> _Description of the task_
From the records below, copy out exactly the lines from the one containing "#75=VERTEX_POINT('',#74);" to the one containing "#84=CIRCLE('',#83,1.50000000000097);", both included. Add nothing else.

[Data entries]
= = = = =
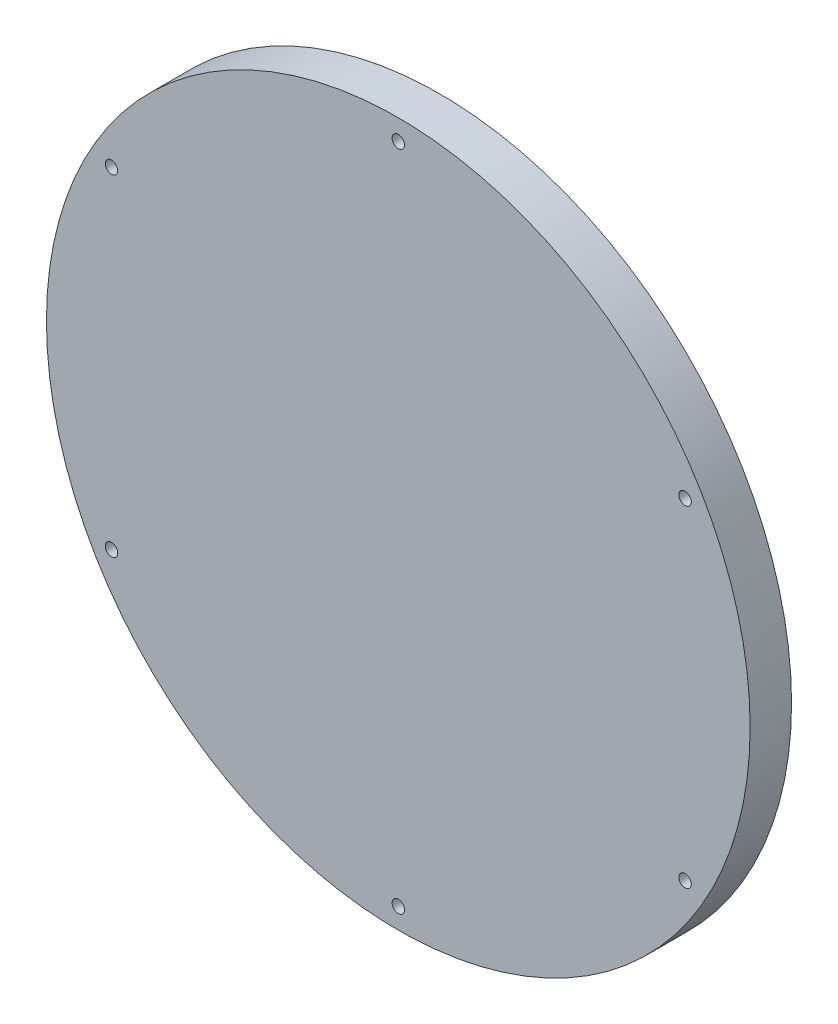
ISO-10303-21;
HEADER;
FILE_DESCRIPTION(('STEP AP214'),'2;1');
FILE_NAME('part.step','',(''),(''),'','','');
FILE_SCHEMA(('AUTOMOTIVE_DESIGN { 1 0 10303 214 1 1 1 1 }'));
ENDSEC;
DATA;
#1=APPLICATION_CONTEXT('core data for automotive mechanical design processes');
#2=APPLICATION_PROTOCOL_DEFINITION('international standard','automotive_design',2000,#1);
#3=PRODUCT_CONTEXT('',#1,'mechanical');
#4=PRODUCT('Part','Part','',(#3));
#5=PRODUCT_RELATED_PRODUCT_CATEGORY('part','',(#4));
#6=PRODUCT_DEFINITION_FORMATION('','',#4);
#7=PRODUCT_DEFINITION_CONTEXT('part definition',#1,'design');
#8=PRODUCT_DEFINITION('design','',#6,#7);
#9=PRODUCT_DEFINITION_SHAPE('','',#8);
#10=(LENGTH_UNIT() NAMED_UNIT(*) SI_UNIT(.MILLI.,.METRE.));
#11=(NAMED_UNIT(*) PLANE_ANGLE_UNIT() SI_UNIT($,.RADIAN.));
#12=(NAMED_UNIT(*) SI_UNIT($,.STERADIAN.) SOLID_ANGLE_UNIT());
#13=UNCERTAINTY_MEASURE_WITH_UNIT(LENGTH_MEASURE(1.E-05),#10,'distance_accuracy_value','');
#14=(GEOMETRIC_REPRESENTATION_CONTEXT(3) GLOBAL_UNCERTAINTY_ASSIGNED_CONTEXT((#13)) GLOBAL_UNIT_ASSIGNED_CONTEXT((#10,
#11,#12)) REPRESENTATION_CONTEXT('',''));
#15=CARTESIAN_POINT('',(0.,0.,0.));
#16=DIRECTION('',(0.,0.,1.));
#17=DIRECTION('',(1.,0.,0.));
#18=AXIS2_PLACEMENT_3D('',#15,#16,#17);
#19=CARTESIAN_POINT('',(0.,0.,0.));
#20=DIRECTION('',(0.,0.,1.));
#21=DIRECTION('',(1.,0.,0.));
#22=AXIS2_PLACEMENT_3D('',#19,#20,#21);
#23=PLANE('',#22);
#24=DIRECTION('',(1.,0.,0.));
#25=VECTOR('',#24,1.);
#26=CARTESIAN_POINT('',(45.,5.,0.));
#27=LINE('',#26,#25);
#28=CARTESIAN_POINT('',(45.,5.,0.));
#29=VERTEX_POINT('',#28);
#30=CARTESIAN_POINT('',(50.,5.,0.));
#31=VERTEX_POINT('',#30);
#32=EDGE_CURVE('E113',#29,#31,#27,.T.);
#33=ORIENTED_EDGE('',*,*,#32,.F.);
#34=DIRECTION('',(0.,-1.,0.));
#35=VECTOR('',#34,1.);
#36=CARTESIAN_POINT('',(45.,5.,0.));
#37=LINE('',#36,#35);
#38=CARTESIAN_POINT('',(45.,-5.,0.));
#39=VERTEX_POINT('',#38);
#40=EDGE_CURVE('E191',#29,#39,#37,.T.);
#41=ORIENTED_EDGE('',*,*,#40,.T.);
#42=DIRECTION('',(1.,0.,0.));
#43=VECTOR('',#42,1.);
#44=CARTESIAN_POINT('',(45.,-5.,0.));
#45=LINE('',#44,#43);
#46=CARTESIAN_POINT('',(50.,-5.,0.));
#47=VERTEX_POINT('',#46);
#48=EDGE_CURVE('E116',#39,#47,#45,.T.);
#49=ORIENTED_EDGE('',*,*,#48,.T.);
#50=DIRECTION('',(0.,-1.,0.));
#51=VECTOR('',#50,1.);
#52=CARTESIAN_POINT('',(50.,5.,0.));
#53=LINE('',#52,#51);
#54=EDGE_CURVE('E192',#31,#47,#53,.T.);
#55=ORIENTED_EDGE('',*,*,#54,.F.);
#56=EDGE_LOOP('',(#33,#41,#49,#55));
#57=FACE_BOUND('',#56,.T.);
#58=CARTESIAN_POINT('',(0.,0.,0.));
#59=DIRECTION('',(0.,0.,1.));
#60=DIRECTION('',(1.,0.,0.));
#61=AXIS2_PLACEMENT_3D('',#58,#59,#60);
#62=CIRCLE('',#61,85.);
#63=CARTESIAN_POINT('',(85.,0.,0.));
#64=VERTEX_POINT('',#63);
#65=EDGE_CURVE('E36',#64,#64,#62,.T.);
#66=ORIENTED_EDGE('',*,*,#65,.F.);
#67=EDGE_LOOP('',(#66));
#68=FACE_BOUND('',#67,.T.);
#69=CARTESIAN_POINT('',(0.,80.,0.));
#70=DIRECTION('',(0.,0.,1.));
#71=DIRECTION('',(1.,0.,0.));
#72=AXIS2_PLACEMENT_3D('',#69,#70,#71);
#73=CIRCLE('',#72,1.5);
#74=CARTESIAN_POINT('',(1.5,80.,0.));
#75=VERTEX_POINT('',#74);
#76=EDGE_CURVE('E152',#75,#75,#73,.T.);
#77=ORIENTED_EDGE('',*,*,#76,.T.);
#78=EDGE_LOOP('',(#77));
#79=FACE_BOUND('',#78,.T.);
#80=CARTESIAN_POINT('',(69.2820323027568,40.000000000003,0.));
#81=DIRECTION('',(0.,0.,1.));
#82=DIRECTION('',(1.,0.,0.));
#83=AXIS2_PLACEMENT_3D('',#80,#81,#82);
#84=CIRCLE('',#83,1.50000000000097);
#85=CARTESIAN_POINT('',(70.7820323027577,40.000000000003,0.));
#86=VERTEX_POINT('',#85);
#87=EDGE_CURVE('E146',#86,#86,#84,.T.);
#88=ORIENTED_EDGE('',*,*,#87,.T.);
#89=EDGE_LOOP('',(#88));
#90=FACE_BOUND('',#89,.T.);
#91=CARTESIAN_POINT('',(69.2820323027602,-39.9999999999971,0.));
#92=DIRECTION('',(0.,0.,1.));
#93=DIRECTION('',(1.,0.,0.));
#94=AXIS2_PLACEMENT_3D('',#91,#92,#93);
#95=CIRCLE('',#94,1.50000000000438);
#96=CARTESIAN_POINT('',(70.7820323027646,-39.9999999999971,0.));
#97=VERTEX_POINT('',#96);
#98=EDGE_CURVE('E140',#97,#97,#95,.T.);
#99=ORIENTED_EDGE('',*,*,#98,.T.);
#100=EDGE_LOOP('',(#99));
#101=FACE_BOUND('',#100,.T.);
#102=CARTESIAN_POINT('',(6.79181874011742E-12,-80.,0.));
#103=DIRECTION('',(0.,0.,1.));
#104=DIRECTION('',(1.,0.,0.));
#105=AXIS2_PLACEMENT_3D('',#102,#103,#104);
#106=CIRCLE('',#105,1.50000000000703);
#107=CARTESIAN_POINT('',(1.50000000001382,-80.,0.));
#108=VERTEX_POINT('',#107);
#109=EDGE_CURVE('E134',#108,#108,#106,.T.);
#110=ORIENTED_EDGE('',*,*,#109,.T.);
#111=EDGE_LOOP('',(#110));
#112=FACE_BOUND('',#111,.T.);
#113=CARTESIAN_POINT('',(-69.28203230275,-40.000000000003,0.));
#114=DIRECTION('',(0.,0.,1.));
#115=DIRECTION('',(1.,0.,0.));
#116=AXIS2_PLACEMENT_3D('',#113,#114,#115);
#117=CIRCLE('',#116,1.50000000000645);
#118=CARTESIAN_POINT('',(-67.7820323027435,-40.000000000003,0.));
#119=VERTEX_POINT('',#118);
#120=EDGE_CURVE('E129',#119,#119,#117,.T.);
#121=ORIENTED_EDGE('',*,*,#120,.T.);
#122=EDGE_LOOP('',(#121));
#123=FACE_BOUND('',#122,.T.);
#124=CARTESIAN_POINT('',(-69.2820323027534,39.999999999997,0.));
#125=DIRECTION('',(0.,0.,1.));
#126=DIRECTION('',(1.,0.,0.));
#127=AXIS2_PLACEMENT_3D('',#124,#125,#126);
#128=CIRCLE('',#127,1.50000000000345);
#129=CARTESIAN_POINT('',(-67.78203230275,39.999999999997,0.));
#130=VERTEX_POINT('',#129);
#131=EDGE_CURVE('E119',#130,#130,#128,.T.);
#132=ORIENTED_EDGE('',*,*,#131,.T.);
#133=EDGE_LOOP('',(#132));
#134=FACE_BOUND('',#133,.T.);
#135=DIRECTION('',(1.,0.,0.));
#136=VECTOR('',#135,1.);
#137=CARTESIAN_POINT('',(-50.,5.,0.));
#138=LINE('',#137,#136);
= = = = =
> _Reply to the task_
#75=VERTEX_POINT('',#74);
#76=EDGE_CURVE('E152',#75,#75,#73,.T.);
#77=ORIENTED_EDGE('',*,*,#76,.T.);
#78=EDGE_LOOP('',(#77));
#79=FACE_BOUND('',#78,.T.);
#80=CARTESIAN_POINT('',(69.2820323027568,40.000000000003,0.));
#81=DIRECTION('',(0.,0.,1.));
#82=DIRECTION('',(1.,0.,0.));
#83=AXIS2_PLACEMENT_3D('',#80,#81,#82);
#84=CIRCLE('',#83,1.50000000000097);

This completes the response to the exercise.